I'm curious why you'd use those instead of standard horizontal dropouts- What is the advantage? Not being a d!ck, just curious...

I had horizontal dropouts on my fixie and the wheel never slipped... Of course, they had to be bolted on...


----------



## Doggity (Mar 10, 2006)

_Threadless headsets, black components, 31.8 handlebars, octa-link, external BBs, it's all the same crap._ Truly! Buck fifty, I like your style!


----------



## TurboTurtle (Feb 4, 2004)

greg75 said:


> Can anyone tell me why road bike rear drop out seem to be universally vertical now, rather than sloping. In my opinion the older design is less chunky and more graceful and also provides scope for some adjustment. I don't see any benefit to vertical dropouts. Maybe the argument is for a more positive location of the rear axle, but I've never had a wheel shift in sloping drop outs when correctly mounted.


Adjustment for what? So you can also have the pleasure of re-adjusting your brake pads? Vertical is lighter with a positive placement. - TF


----------



## buck-50 (Sep 20, 2005)

TurboTurtle said:


> Adjustment for what? So you can also have the pleasure of re-adjusting your brake pads? Vertical is lighter with a positive placement. - TF


Correct me if I'm wrong, but I seem to remember that the slight slope in the horizontal dropout corrected for brake pad location- basically kept them in the same spot.

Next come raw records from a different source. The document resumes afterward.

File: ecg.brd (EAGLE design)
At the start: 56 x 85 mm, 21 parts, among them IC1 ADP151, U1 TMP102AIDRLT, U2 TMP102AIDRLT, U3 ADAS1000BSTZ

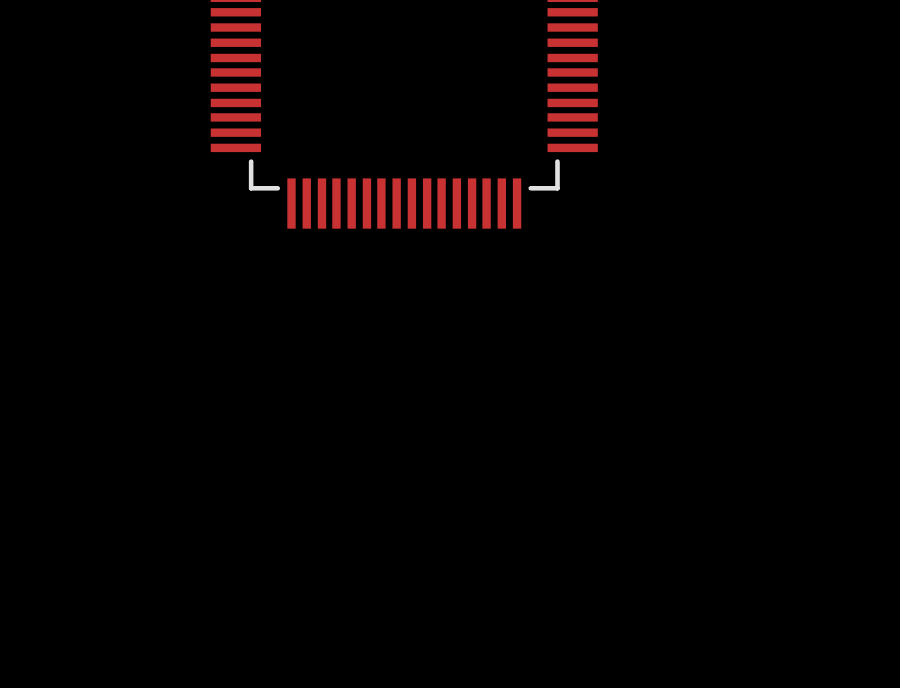
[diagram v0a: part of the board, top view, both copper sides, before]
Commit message: Added XTAL
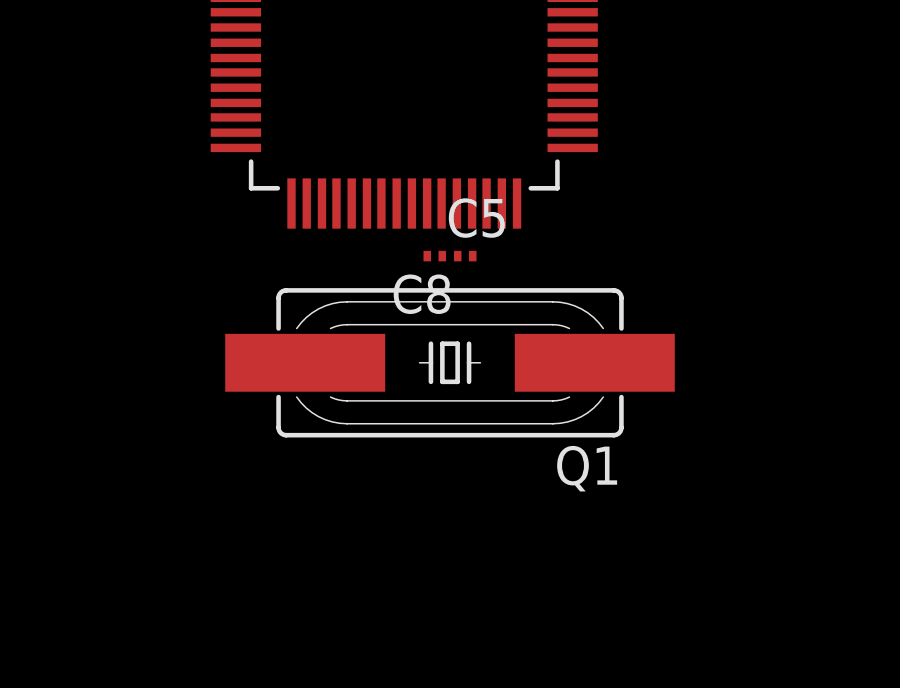
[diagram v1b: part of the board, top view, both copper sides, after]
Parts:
- added C5, C8: (no value), rcl:C0201
- added Q1: (no value), crystal:HC49UP
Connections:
- new net N$3: LED2.A, R4.1
- new net N$6: C5.1, Q1.1, U3.28
- net +3V3: now also R5.2, R7.2; no longer LED1.A, LED3.A
- net +5V: now also R4.2; no longer LED2.A
- net GND: now also C5.2, C8.2, LED1.C, LED2.C, LED3.C; no longer R4.1, R5.1, R7.1
- net N$2: now also LED1.A, R5.1; no longer LED1.C, R5.2
- net N$5: now also LED3.A, R7.1; no longer LED2.C, R4.2
- net N$7: now also C8.1, Q1.2, U3.27; no longer LED3.C, R7.2
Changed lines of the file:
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@@
 <element name="C7" library="resistor" package="C0805K" value="10uF cer" x="0.762" y="-9.398"/>
 <element name="C4" library="resistor" package="C0805K" value="10uF cer" x="0.762" y="-14.224"/>
+<element name="Q1" library="crystal" package="HC49UP" value="" x="24.13" y="54.102" rot="R180">
+<attribute name="OC_NEWARK" value="unknown" x="24.13" y="54.102" size="1.778" layer="27" rot="R180" display="off"/>
+<attribute name="MPN" value="" x="24.13" y="54.102" size="1.778" layer="27" rot="R180" display="off"/>
+<attribute name="MF" value="" x="24.13" y="54.102" size="1.778" layer="27" rot="R180" display="off"/>
+<attribute name="OC_FARNELL" value="unknown" x="24.13" y="54.102" size="1.778" layer="27" rot="R180" display="off"/>
+</element>
+<element name="C5" library="rcl" package="C0201" value="" x="24.638" y="57.658"/>
+<element name="C8" library="rcl" package="C0201" value="" x="23.622" y="57.658" rot="R180"/>
 </elements>
 <signals>
@@
 <contactref element="C3" pad="2"/>
 <contactref element="U1" pad="2"/>
-<contactref element="R5" pad="1"/>
 <contactref element="IC1" pad="2"/>
 <contactref element="IC1" pad="2"/>
 <contactref element="C6" pad="2"/>
-<contactref element="R4" pad="1"/>
-<contactref element="R7" pad="1"/>
 <contactref element="C7" pad="2"/>
 <contactref element="C4" pad="2"/>
+<contactref element="LED1" pad="C"/>
+<contactref element="LED2" pad="C"/>
+<contactref element="LED3" pad="C"/>
+<contactref element="C8" pad="2"/>
+<contactref element="C5" pad="2"/>
 <wire x1="41.402" y1="77.448" x2="53.848" y2="77.47" width="0" layer="19" extent="1-1"/>
 <wire x1="36.2966" y1="73.66" x2="41.402" y2="77.448" width="0" layer="19" extent="1-1"/>
 <wire x1="34.8234" y1="74.168" x2="36.2966" y2="73.66" width="0" layer="19" extent="1-1"/>
-<wire x1="32.004" y1="75.096" x2="34.8234" y2="74.168" width="0" layer="19" extent="1-1"/>
-<wire x1="34.71" y1="80.772" x2="32.004" y2="75.096" width="0" layer="19" extent="1-1"/>
-<wire x1="6.008" y1="50.038" x2="32.004" y2="75.096" width="0" layer="19" extent="1-1"/>
+<wire x1="32.004" y1="79.514" x2="34.8234" y2="74.168" width="0" layer="19" extent="1-1"/>
+<wire x1="34.71" y1="80.772" x2="32.004" y2="79.514" width="0" layer="19" extent="1-1"/>
+<wire x1="24.888" y1="57.658" x2="34.8234" y2="74.168" width="0" layer="19" extent="1-1"/>
+<wire x1="23.372" y1="57.658" x2="24.888" y2="57.658" width="0" layer="19" extent="1-1"/>
+<wire x1="6.008" y1="50.038" x2="23.372" y2="57.658" width="0" layer="19" extent="1-1"/>
 <wire x1="6.1214" y1="43.434" x2="6.008" y2="50.038" width="0" layer="19" extent="1-1"/>
 <wire x1="19.138" y1="31.75" x2="6.1214" y2="43.434" width="0" layer="19" extent="1-1"/>
-<wire x1="17.438" y1="22.606" x2="19.138" y2="31.75" width="0" layer="19" extent="1-1"/>
-<wire x1="17.438" y1="13.462" x2="17.438" y2="22.606" width="0" layer="19" extent="1-1"/>
+<wire x1="17.538" y1="26.416" x2="19.138" y2="31.75" width="0" layer="19" extent="1-1"/>
+<wire x1="17.538" y1="17.272" x2="17.538" y2="26.416" width="0" layer="19" extent="1-1"/>
 <wire x1="27.686" y1="36.5459" x2="19.138" y2="31.75" width="0" layer="19" extent="1-1"/>
-<wire x1="1.762" y1="-9.398" x2="17.438" y2="13.462" width="0" layer="19" extent="1-1"/>
+<wire x1="1.762" y1="-9.398" x2="17.538" y2="17.272" width="0" layer="19" extent="1-1"/>
 <wire x1="1.762" y1="-14.224" x2="1.762" y2="-9.398" width="0" layer="19" extent="1-1"/>
 </signal>
@@
 <contactref element="C2" pad="+"/>
 <contactref element="C3" pad="1"/>
-<contactref element="LED1" pad="A"/>
 <contactref element="IC1" pad="5"/>
 <contactref element="C6" pad="1"/>
-<contactref element="LED3" pad="A"/>
 <contactref element="C4" pad="1"/>
+<contactref element="R5" pad="2"/>
+<contactref element="R7" pad="2"/>
 <wire x1="41.402" y1="81.048" x2="51.308" y2="82.55" width="0" layer="19" extent="1-1"/>
 <wire x1="36.41" y1="80.772" x2="41.402" y2="81.048" width="0" layer="19" extent="1-1"/>
-<wire x1="32.004" y1="81.014" x2="36.41" y2="80.772" width="0" layer="19" extent="1-1"/>
-<wire x1="36.2966" y1="74.168" x2="36.41" y2="80.772" width="0" layer="19" extent="1-1"/>
+<wire x1="32.004" y1="76.796" x2="36.41" y2="80.772" width="0" layer="19" extent="1-1"/>
+<wire x1="36.2966" y1="74.168" x2="32.004" y2="76.796" width="0" layer="19" extent="1-1"/>
 <wire x1="36.41" y1="70.612" x2="36.2966" y2="74.168" width="0" layer="19" extent="1-1"/>
 <wire x1="39.624" y1="71.032" x2="36.41" y2="70.612" width="0" layer="19" extent="1-1"/>
@@
 <wire x1="7.5946" y1="43.434" x2="7.5946" y2="42.926" width="0" layer="19" extent="1-1"/>
 <wire x1="7.708" y1="50.038" x2="7.5946" y2="43.434" width="0" layer="19" extent="1-1"/>
-<wire x1="19.038" y1="17.272" x2="17.438" y2="31.75" width="0" layer="19" extent="1-1"/>
-<wire x1="-0.238" y1="-14.224" x2="19.038" y2="17.272" width="0" layer="19" extent="1-1"/>
-</signal>
-<signal name="N$2">
-<contactref element="R5" pad="2"/>
-<contactref element="LED1" pad="C"/>
-<wire x1="32.004" y1="76.796" x2="32.004" y2="79.514" width="0" layer="19" extent="1-1"/>
+<wire x1="19.138" y1="13.462" x2="17.438" y2="31.75" width="0" layer="19" extent="1-1"/>
+<wire x1="-0.238" y1="-14.224" x2="19.138" y2="13.462" width="0" layer="19" extent="1-1"/>
 </signal>
 <signal name="+5V">
@@
 <contactref element="IC1" pad="3"/>
 <contactref element="IC1" pad="1"/>
-<contactref element="LED2" pad="A"/>
 <contactref element="C7" pad="1"/>
+<contactref element="R4" pad="2"/>
 <wire x1="28.636" y1="36.5459" x2="53.848" y2="82.55" width="0" layer="19" extent="1-1"/>
 <wire x1="26.736" y1="36.5459" x2="28.636" y2="36.5459" width="0" layer="19" extent="1-1"/>
-<wire x1="19.038" y1="26.416" x2="26.736" y2="36.5459" width="0" layer="19" extent="1-1"/>
-<wire x1="-0.238" y1="-9.398" x2="19.038" y2="26.416" width="0" layer="19" extent="1-1"/>
+<wire x1="19.138" y1="22.606" x2="26.736" y2="36.5459" width="0" layer="19" extent="1-1"/>
+<wire x1="-0.238" y1="-9.398" x2="19.138" y2="22.606" width="0" layer="19" extent="1-1"/>
+</signal>
+<signal name="N$2">
+<contactref element="R5" pad="1"/>
+<contactref element="LED1" pad="A"/>
+<wire x1="32.004" y1="75.096" x2="32.004" y2="81.014" width="0" layer="19" extent="1-1"/>
+</signal>
+<signal name="N$3">
+<contactref element="R4" pad="1"/>
+<contactref element="LED2" pad="A"/>
+<wire x1="17.438" y1="22.606" x2="19.038" y2="26.416" width="0" layer="19" extent="1-1"/>
 </signal>
 <signal name="N$5">
-<contactref element="LED2" pad="C"/>
-<contactref element="R4" pad="2"/>
-<wire x1="17.538" y1="26.416" x2="19.138" y2="22.606" width="0" layer="19" extent="1-1"/>
+<contactref element="R7" pad="1"/>
+<contactref element="LED3" pad="A"/>
+<wire x1="17.438" y1="13.462" x2="19.038" y2="17.272" width="0" layer="19" extent="1-1"/>
 </signal>
 <signal name="N$7">
-<contactref element="LED3" pad="C"/>
-<contactref element="R7" pad="2"/>
-<wire x1="17.538" y1="17.272" x2="19.138" y2="13.462" width="0" layer="19" extent="1-1"/>
+<contactref element="U3" pad="27"/>
+<contactref element="Q1" pad="2"/>
+<contactref element="C8" pad="1"/>
+<wire x1="19.304" y1="54.102" x2="23.872" y2="57.658" width="0" layer="19" extent="1-1"/>
+<wire x1="23.872" y1="57.658" x2="23.8506" y2="59.4106" width="0" layer="19" extent="1-1"/>
+</signal>
+<signal name="N$6">
+<contactref element="U3" pad="28"/>
+<contactref element="Q1" pad="1"/>
+<contactref element="C5" pad="1"/>
+<wire x1="28.956" y1="54.102" x2="24.388" y2="57.658" width="0" layer="19" extent="1-1"/>
+<wire x1="24.388" y1="57.658" x2="24.3586" y2="59.4106" width="0" layer="19" extent="1-1"/>
 </signal>
 </signals>

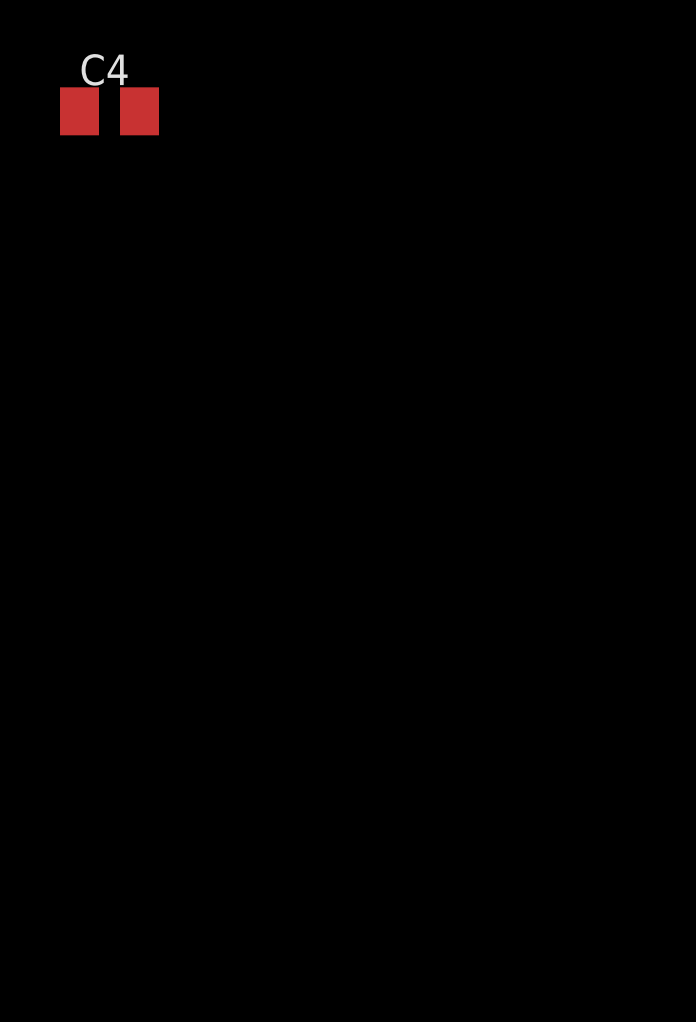
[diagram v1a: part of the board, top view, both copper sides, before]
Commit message: Added second voltage regulator for digital domain. Changed the frame to a bigger one.
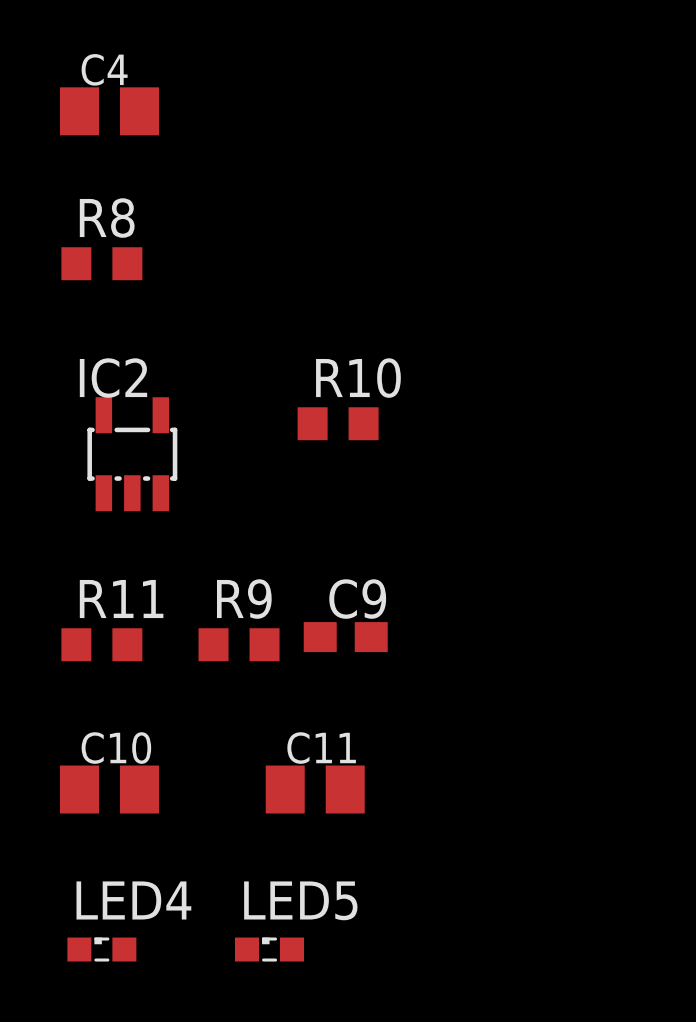
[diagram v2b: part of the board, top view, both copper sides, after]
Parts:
- added C10, C11: 10uF cer, resistor:C0805K
- added C9: 100n, eagle-ltspice:C0603
- added IC2: ADP151, v-reg-micrel:SOT23-5
- added LED4, LED5: (no value), eagle-ltspice:LED_SML0603
- added R10, R9: 1k, resistor:R0603
- added R11, R8: 10k, resistor:R0603
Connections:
- new net +3V3ADCVDD: C4.1, C6.1, IC1.5, R7.2
- new net +3V3IOVDD: C11.1, C9.1, IC2.5, R10.2
- new net N$10: LED5.A, R10.1
- new net N$11: IC2.3, R11.1
- new net N$8: IC1.3, R8.1
- new net N$9: LED4.A, R9.1
- net +3V3: no longer C4.1, C6.1, IC1.5, R7.2
- net +5V: now also C10.1, IC2.1, R11.2, R8.2, R9.2; no longer IC1.3
- net GND: now also C10.2, C11.2, C9.2, IC2.2, LED4.C, LED5.C
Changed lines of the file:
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@@
 <element name="C5" library="rcl" package="C0201" value="" x="24.638" y="57.658"/>
 <element name="C8" library="rcl" package="C0201" value="" x="23.622" y="57.658" rot="R180"/>
+<element name="R8" library="resistor" package="R0603" value="10k" x="0.508" y="-19.304"/>
+<element name="IC2" library="v-reg-micrel" package="SOT23-5" value="ADP151" x="1.524" y="-25.654">
+<attribute name="OC_NEWARK" value="09J8939" x="1.524" y="-25.654" size="1.778" layer="27" display="off"/>
+<attribute name="MPN" value="MIC5219BM5 TR" x="1.524" y="-25.654" size="1.778" layer="27" display="off"/>
+<attribute name="MF" value="ALTERA CORPORATION" x="1.524" y="-25.654" size="1.778" layer="27" display="off"/>
+<attribute name="OC_FARNELL" value="1100656" x="1.524" y="-25.654" size="1.778" layer="27" display="off"/>
+</element>
+<element name="C9" library="eagle-ltspice" package="C0603" value="100n" x="8.636" y="-31.75">
+<attribute name="SPICEMODEL" value="NONE" x="0.508" y="-31.75" size="1.778" layer="27" display="off"/>
+<attribute name="SPICEPREFIX" value="C" x="0.508" y="-31.75" size="1.778" layer="27" display="off"/>
+</element>
+<element name="LED4" library="eagle-ltspice" package="LED_SML0603" value="" x="0.508" y="-42.164">
+<attribute name="SPICEMODEL" value="NONE" x="0.508" y="-37.084" size="1.778" layer="27" display="off"/>
+<attribute name="SPICETYPE" value="diode" x="0.508" y="-37.084" size="1.778" layer="27" display="off"/>
+<attribute name="SPICEPREFIX" value="D" x="0.508" y="-37.084" size="1.778" layer="27" display="off"/>
+</element>
+<element name="R9" library="resistor" package="R0603" value="1k" x="5.08" y="-32.004"/>
+<element name="LED5" library="eagle-ltspice" package="LED_SML0603" value="" x="6.096" y="-42.164">
+<attribute name="SPICEMODEL" value="NONE" x="0.508" y="-46.228" size="1.778" layer="27" display="off"/>
+<attribute name="SPICETYPE" value="diode" x="0.508" y="-46.228" size="1.778" layer="27" display="off"/>
+<attribute name="SPICEPREFIX" value="D" x="0.508" y="-46.228" size="1.778" layer="27" display="off"/>
+</element>
+<element name="R10" library="resistor" package="R0603" value="1k" x="8.382" y="-24.638"/>
+<element name="C10" library="resistor" package="C0805K" value="10uF cer" x="0.762" y="-36.83"/>
+<element name="C11" library="resistor" package="C0805K" value="10uF cer" x="7.62" y="-36.83"/>
+<element name="R11" library="resistor" package="R0603" value="10k" x="0.508" y="-32.004"/>
 </elements>
 <signals>
@@
 <contactref element="C8" pad="2"/>
 <contactref element="C5" pad="2"/>
+<contactref element="IC2" pad="2"/>
+<contactref element="IC2" pad="2"/>
+<contactref element="C9" pad="2"/>
+<contactref element="C10" pad="2"/>
+<contactref element="C11" pad="2"/>
+<contactref element="LED4" pad="C"/>
+<contactref element="LED5" pad="C"/>
 <wire x1="41.402" y1="77.448" x2="53.848" y2="77.47" width="0" layer="19" extent="1-1"/>
 <wire x1="36.2966" y1="73.66" x2="41.402" y2="77.448" width="0" layer="19" extent="1-1"/>
@@
 <wire x1="1.762" y1="-9.398" x2="17.538" y2="17.272" width="0" layer="19" extent="1-1"/>
 <wire x1="1.762" y1="-14.224" x2="1.762" y2="-9.398" width="0" layer="19" extent="1-1"/>
+<wire x1="1.524" y1="-26.9541" x2="1.762" y2="-14.224" width="0" layer="19" extent="1-1"/>
+<wire x1="9.486" y1="-31.75" x2="1.524" y2="-26.9541" width="0" layer="19" extent="1-1"/>
+<wire x1="8.62" y1="-36.83" x2="9.486" y2="-31.75" width="0" layer="19" extent="1-1"/>
+<wire x1="5.346" y1="-42.164" x2="8.62" y2="-36.83" width="0" layer="19" extent="1-1"/>
+<wire x1="-0.242" y1="-42.164" x2="5.346" y2="-42.164" width="0" layer="19" extent="1-1"/>
+<wire x1="1.762" y1="-36.83" x2="-0.242" y2="-42.164" width="0" layer="19" extent="1-1"/>
 </signal>
 <signal name="SDA">
@@
 <contactref element="C2" pad="+"/>
 <contactref element="C3" pad="1"/>
-<contactref element="IC1" pad="5"/>
-<contactref element="C6" pad="1"/>
-<contactref element="C4" pad="1"/>
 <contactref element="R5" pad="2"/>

Either way, that's never been an issue on any of my horizontal dropout bikes...

The rearward adjustment coupled with an older frame design means you can fit bigger tires when you want to, but then close everything back up when you wanna run the skinny tires. At least in theory...


----------



## buck-50 (Sep 20, 2005)

Doggity said:


> _Threadless headsets, black components, 31.8 handlebars, octa-link, external BBs, it's all the same crap._ Truly! Buck fifty, I like your style!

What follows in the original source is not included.